Störungen entlang der Darm-Hirn-Achse haben weitreichende Folgen. Depressionspatienten und Menschen mit Angststörungen zum Beispiel weisen ein verändertes Mikrobiom auf. Im Jahr 2019 wurde im Journal Nature publiziert, dass Menschen mit Depressionen ein reduziertes Auftreten von Coprococcus und Dialister haben. Außerdem wurde eine positive Korrelation zwischen der Lebensqualität und der Fähigkeit des Mikrobioms entdeckt, ein Abbauprodukt des Neurotransmitters Dopamin mit der Bezeichnung 3,4-Dihydroxyphenylessigsäure zu synthetisieren.2, 3 Bereits ein akuter Stress wirkt sich auf die Zusammensetzung des Mikrobioms negativ aus und führt zu einer Schwächung der Darmbarriere.4

Die HPA-Achse als Teil des Darmhirns

Eines der Systeme, das eng mit dem Darmmikrobiom interagiert, ist das neuroendokrine System. Es kontrolliert verschiedene Prozesse der Stressantwort mittels der Hypothalamus-Hypophysen-Nebennierenrinden-Achse (HPA-Achse), auch Stressachse genannt. Dabei handelt es sich um eine Abfolge von Wechselwirkungen dieser drei Schaltzentralen.
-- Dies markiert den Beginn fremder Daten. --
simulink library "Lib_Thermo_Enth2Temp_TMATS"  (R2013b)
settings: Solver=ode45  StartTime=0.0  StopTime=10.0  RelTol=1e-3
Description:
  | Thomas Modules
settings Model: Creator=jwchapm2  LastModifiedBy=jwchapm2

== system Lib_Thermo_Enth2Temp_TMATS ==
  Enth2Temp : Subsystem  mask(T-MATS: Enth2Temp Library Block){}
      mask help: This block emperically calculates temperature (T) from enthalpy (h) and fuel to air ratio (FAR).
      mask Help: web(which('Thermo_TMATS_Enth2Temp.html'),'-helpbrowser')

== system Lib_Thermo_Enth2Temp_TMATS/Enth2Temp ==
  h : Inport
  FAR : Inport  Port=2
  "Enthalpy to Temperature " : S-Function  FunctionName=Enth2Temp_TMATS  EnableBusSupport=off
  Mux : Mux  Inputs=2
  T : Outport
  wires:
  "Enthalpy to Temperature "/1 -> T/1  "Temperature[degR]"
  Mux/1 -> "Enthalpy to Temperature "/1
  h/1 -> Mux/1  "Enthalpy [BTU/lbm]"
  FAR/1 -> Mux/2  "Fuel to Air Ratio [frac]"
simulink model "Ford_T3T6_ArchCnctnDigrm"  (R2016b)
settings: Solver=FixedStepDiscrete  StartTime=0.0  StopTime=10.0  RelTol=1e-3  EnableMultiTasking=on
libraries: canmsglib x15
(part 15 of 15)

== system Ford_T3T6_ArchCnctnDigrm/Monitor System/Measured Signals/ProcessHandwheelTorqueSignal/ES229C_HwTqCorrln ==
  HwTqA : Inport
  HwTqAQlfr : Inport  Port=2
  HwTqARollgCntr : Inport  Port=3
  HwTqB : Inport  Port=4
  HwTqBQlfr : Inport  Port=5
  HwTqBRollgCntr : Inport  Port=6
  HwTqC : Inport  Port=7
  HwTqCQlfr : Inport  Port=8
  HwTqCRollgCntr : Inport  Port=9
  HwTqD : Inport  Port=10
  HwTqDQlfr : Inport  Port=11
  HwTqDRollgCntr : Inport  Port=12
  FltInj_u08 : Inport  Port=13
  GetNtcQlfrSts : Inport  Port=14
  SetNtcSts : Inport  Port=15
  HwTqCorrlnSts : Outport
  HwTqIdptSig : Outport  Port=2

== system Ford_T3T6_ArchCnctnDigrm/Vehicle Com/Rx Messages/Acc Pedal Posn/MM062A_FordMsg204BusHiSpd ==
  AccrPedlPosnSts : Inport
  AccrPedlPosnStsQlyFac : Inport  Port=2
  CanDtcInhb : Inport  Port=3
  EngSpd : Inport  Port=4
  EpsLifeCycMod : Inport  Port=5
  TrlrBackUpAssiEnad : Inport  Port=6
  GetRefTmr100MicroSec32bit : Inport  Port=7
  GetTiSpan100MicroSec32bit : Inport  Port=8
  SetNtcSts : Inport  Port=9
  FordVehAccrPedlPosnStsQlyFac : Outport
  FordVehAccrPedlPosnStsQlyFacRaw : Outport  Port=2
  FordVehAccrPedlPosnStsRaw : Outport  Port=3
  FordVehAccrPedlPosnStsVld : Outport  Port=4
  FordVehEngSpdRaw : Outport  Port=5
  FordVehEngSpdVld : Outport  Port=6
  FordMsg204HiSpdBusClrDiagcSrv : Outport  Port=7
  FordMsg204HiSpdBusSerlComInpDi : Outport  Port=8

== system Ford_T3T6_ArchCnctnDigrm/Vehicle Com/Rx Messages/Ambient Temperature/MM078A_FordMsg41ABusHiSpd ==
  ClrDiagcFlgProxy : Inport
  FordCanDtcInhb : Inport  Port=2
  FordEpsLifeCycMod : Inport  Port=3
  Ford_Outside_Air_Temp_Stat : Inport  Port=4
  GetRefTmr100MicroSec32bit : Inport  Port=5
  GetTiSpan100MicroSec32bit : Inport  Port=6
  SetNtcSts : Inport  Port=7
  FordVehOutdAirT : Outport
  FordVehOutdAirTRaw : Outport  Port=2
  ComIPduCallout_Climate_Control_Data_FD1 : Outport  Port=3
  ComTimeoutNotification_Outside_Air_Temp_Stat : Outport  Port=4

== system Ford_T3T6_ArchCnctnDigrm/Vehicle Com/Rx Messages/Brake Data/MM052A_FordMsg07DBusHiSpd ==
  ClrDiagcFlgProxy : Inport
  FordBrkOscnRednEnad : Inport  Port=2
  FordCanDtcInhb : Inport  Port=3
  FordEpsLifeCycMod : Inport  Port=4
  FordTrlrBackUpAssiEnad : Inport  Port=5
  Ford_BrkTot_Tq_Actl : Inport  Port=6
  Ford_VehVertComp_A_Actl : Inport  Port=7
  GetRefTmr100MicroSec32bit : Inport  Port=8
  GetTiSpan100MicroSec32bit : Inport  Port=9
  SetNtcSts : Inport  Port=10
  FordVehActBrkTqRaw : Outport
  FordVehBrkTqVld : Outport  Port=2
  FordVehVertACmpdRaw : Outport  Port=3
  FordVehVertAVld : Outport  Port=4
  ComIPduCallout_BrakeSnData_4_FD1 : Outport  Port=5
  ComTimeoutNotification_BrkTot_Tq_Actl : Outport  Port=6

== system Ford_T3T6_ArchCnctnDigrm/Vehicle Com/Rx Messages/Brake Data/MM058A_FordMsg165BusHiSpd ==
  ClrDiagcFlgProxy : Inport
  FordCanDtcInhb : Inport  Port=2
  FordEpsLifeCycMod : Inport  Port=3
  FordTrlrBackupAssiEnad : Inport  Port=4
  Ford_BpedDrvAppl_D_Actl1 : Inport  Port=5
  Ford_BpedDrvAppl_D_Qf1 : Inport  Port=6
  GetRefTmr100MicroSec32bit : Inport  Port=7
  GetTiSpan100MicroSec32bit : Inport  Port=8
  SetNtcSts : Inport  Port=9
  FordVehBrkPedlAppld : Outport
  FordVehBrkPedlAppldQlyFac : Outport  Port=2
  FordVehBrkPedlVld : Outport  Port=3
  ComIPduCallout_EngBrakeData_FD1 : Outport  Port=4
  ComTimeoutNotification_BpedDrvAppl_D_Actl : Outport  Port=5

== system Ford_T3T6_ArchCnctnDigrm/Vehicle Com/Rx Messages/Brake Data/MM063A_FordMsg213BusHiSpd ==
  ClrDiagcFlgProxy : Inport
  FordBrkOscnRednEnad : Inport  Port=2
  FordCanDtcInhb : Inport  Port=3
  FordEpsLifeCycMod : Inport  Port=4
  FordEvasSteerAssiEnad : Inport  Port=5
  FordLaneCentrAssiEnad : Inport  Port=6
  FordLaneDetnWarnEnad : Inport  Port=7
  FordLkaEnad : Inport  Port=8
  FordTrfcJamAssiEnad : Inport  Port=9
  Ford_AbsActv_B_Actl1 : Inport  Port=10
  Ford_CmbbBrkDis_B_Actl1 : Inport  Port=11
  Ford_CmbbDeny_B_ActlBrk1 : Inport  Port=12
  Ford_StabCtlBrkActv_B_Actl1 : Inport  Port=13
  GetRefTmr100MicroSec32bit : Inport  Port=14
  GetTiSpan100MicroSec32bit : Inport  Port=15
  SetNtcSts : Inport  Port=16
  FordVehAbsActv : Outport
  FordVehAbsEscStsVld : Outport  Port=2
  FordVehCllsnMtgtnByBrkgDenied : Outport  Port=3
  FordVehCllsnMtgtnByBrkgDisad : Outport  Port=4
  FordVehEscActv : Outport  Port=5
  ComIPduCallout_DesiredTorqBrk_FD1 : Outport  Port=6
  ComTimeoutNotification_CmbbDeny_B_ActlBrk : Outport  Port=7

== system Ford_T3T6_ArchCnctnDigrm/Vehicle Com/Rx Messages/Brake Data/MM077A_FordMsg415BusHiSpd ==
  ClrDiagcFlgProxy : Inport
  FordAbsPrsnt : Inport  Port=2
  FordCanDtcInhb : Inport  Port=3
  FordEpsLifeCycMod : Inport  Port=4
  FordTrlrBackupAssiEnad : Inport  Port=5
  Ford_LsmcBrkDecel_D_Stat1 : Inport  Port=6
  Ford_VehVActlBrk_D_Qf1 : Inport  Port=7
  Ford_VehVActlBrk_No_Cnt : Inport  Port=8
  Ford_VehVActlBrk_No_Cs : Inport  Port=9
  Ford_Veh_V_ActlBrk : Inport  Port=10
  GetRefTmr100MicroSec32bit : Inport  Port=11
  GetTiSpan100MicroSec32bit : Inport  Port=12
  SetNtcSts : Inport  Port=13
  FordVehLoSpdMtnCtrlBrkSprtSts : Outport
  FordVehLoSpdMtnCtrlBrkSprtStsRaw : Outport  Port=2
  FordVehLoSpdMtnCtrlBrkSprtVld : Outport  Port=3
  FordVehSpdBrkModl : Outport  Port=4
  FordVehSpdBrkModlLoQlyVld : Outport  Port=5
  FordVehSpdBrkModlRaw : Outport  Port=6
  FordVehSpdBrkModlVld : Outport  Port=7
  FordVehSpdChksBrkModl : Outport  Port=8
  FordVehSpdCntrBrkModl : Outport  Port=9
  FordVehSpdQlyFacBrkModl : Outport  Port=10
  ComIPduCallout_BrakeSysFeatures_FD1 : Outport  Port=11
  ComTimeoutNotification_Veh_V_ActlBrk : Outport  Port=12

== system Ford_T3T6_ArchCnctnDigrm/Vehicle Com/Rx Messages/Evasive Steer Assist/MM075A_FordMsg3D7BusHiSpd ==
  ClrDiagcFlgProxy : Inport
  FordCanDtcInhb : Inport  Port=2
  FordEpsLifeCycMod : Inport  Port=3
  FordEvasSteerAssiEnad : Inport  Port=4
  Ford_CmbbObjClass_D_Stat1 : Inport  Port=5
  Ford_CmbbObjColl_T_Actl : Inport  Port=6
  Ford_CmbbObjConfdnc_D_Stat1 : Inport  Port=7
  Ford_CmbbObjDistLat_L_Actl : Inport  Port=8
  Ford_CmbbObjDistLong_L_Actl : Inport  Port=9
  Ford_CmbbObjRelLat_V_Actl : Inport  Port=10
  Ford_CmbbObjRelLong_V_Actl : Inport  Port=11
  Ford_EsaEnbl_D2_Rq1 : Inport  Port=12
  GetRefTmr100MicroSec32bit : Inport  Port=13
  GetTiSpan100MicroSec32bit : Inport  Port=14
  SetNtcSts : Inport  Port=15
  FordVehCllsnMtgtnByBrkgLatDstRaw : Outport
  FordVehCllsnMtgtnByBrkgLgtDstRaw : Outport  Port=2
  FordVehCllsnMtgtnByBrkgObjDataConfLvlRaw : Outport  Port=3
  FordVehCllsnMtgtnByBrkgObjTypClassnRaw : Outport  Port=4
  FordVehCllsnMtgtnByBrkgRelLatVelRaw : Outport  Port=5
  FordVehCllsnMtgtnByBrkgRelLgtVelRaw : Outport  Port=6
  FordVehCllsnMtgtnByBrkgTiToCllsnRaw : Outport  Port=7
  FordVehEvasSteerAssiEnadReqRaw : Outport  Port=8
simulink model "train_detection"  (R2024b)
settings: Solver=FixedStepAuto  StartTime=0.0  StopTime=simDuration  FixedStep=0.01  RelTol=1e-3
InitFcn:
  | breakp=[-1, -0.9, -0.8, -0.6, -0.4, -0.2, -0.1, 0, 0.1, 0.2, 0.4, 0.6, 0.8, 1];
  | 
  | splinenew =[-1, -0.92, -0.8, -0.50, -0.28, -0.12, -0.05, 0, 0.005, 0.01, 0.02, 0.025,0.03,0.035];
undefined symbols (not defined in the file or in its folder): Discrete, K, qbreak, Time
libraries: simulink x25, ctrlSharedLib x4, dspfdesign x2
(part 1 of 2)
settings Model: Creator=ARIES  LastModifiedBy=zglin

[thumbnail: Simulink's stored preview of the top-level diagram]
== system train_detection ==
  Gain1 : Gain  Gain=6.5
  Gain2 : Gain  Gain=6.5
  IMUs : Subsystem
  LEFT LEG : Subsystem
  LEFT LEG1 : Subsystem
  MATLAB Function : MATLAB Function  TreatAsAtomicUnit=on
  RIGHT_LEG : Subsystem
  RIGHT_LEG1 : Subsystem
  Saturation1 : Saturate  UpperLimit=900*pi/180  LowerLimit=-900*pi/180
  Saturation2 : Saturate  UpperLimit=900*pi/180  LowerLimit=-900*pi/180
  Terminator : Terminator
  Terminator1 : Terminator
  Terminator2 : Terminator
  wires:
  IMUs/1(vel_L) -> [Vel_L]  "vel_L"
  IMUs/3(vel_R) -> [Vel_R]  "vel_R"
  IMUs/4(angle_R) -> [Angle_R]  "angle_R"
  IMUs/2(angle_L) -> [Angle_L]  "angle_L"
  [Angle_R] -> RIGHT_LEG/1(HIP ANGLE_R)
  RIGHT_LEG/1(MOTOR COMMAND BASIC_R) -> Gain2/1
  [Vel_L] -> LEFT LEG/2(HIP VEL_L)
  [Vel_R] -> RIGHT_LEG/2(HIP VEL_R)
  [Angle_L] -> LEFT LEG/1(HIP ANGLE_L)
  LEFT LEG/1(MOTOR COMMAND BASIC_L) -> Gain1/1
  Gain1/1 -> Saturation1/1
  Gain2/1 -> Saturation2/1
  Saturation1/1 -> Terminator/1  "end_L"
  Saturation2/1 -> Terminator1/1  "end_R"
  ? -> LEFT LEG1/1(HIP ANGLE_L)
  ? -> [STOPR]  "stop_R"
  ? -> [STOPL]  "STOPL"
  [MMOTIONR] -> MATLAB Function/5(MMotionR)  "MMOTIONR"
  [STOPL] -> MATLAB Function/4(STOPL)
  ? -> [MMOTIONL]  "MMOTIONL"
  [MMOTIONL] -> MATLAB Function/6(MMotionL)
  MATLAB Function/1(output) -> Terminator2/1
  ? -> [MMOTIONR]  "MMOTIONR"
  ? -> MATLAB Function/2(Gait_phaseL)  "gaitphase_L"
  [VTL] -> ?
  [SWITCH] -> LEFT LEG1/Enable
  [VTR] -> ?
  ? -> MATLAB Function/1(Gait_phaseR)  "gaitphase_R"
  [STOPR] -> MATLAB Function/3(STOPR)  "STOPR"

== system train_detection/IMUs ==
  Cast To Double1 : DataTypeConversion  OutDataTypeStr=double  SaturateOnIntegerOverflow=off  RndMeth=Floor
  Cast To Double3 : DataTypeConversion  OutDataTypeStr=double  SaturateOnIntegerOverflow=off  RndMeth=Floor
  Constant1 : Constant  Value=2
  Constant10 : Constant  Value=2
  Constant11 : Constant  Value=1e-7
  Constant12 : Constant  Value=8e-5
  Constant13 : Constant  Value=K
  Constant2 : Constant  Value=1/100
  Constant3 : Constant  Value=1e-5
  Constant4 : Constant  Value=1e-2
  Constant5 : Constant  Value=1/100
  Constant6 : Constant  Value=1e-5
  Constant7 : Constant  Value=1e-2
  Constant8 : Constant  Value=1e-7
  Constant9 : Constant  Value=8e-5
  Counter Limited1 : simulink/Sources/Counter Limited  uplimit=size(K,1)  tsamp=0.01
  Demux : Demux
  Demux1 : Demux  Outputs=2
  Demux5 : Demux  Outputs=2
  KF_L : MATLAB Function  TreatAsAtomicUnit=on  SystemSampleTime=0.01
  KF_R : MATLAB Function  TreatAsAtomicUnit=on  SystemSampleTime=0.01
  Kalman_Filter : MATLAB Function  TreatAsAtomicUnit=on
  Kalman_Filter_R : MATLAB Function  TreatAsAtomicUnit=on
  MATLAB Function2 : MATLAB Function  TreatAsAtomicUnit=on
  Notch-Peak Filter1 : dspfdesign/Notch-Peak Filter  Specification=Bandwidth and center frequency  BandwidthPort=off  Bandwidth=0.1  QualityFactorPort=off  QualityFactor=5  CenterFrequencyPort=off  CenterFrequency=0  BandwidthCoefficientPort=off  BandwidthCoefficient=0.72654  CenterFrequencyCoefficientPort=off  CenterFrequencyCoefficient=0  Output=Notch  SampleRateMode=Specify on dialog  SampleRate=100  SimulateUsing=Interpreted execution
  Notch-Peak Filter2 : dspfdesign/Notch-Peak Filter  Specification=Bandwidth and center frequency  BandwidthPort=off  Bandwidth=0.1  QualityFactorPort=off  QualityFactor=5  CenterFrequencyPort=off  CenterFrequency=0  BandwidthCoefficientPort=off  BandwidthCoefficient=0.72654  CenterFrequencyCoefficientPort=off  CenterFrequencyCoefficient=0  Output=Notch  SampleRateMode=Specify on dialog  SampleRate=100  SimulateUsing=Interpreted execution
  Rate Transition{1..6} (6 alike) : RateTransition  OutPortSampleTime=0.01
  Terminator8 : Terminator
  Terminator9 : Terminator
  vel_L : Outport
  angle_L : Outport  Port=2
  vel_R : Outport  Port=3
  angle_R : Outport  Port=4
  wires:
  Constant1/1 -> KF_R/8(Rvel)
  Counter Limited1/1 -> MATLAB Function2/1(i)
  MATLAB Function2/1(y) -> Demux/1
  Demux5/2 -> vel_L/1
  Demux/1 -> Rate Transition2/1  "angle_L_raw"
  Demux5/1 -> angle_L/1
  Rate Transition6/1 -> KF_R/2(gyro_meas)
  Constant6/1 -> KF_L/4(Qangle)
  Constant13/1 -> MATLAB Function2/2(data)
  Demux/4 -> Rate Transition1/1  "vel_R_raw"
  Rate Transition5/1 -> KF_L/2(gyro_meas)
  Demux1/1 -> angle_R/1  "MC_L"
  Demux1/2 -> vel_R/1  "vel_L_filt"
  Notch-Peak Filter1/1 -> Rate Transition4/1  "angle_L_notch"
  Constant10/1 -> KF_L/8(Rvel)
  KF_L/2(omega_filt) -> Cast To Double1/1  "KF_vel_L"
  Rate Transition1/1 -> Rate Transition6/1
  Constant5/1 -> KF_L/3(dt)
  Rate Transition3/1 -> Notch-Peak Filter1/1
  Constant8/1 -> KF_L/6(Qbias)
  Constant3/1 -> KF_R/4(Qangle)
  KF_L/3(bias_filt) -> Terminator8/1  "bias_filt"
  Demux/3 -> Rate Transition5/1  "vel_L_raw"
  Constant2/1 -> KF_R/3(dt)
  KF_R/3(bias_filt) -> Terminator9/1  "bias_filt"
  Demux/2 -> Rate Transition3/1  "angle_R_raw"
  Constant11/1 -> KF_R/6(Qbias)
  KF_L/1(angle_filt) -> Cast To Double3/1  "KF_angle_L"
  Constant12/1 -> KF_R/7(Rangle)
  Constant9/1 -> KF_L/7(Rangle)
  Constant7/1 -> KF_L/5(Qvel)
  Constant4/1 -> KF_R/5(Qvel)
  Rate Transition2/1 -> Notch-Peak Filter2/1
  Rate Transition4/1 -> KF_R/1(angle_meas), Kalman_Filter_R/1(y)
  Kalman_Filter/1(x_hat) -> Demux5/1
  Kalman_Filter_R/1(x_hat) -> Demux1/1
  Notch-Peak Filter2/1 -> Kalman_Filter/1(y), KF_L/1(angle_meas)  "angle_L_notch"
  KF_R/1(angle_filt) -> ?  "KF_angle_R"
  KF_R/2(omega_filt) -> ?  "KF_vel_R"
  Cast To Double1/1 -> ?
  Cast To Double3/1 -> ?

Die Interaktion Mikrobiom-Neuroendokrines-System ist von hoher Bedeutung, da verschiedene Störungen der Mikrobiom-Hirn-Achse mit einer Dysregulation der HPA-Achse assoziiert sind. Wiederum ist anzumerken, dass die Kommunikation des Mikrobioms mit der HPA-Achse eng mit anderen Systemen wie dem Immunsystem, der intestinalen Barriere, der Blut-Hirn-Schranke, mikrobiellen Metaboliten und Darmhormonen in Beziehung steht.4

Gestörte Darmmikrobiota mit Konsequenzen auf die Darm-Hirn-Achse und die HPA-Achse wurden bei Depressionen, metabolischen Erkrankungen und dem Reizdarmsyndrom beobachtet. „Diese Vorgänge könnten mit einer erhöhten Permeabilität der intestinalen Barriere zusammenhängen“, erklärt Haslberger. „Eine schlecht zusammengesetzte Mikrobiota begünstigt ein Leaky Gut, es kommt zur Translokation bakterieller Bestandteile, zu Entzündungsreaktionen, und die Darm-Hirn-Achse und die HPA-Achse werden beeinflusst.“

Der Weg von einer Dysbiose zur erhöhten Permeabilität führt über Abnormalitäten im zellulären Turnover (zum Beispiel Zelltod versus -überleben/-proliferation), welche die Darmbarriere durch Modulation der Tight Junctions („Verschlussleisten“) modulieren.4

Die Bidirektionalität der Mikrobiom-HPA-Achse zeigt sich durch das umgekehrte Phänomen, wonach sich vielerlei Formen von Stress auf die Zusammensetzung der Mikrobiota auswirken und zu einer erhöhten gastrointestinalen Permeabilität führen. Dies liegt an durch Stress aktivierten neuroendokrinen Hormonen wie Norepinephrin oder Dopamin, welche das Wachstum von gramnegativen Bakterien steigern. Im Mikrobiom von Reizdarmpatienten nachgewiesen wurde eine erhöhte Zahl an Bakterien der Gruppen Proteobacteria und Firmicutes, während die Zahl der Bacteroidetes deutlich gesenkt war.4

Die Entwicklung der kindlichen Mikrobiota, welche nach neuen Erkenntnissen schon vor der Geburt beginnt, beeinflusst die Ausbildung des Immunsystems, epigenetische Prägung und damit die HPA-Achse. „Gemäß der 1.000-Tage-Hypothese ist somit mütterliche Fürsorge und Ernährung besonders in dieser Zeit für die spätere Entwicklung eines guten Zusammenspiels von Stress und Immunachsen sowie epigenetischer Steuerung besonders wichtig“, sagt Haslberger (Anm.: Die ersten 1.000 Tage werden von der Empfängnis bis zum vollendeten zweiten Lebensjahr gerechnet).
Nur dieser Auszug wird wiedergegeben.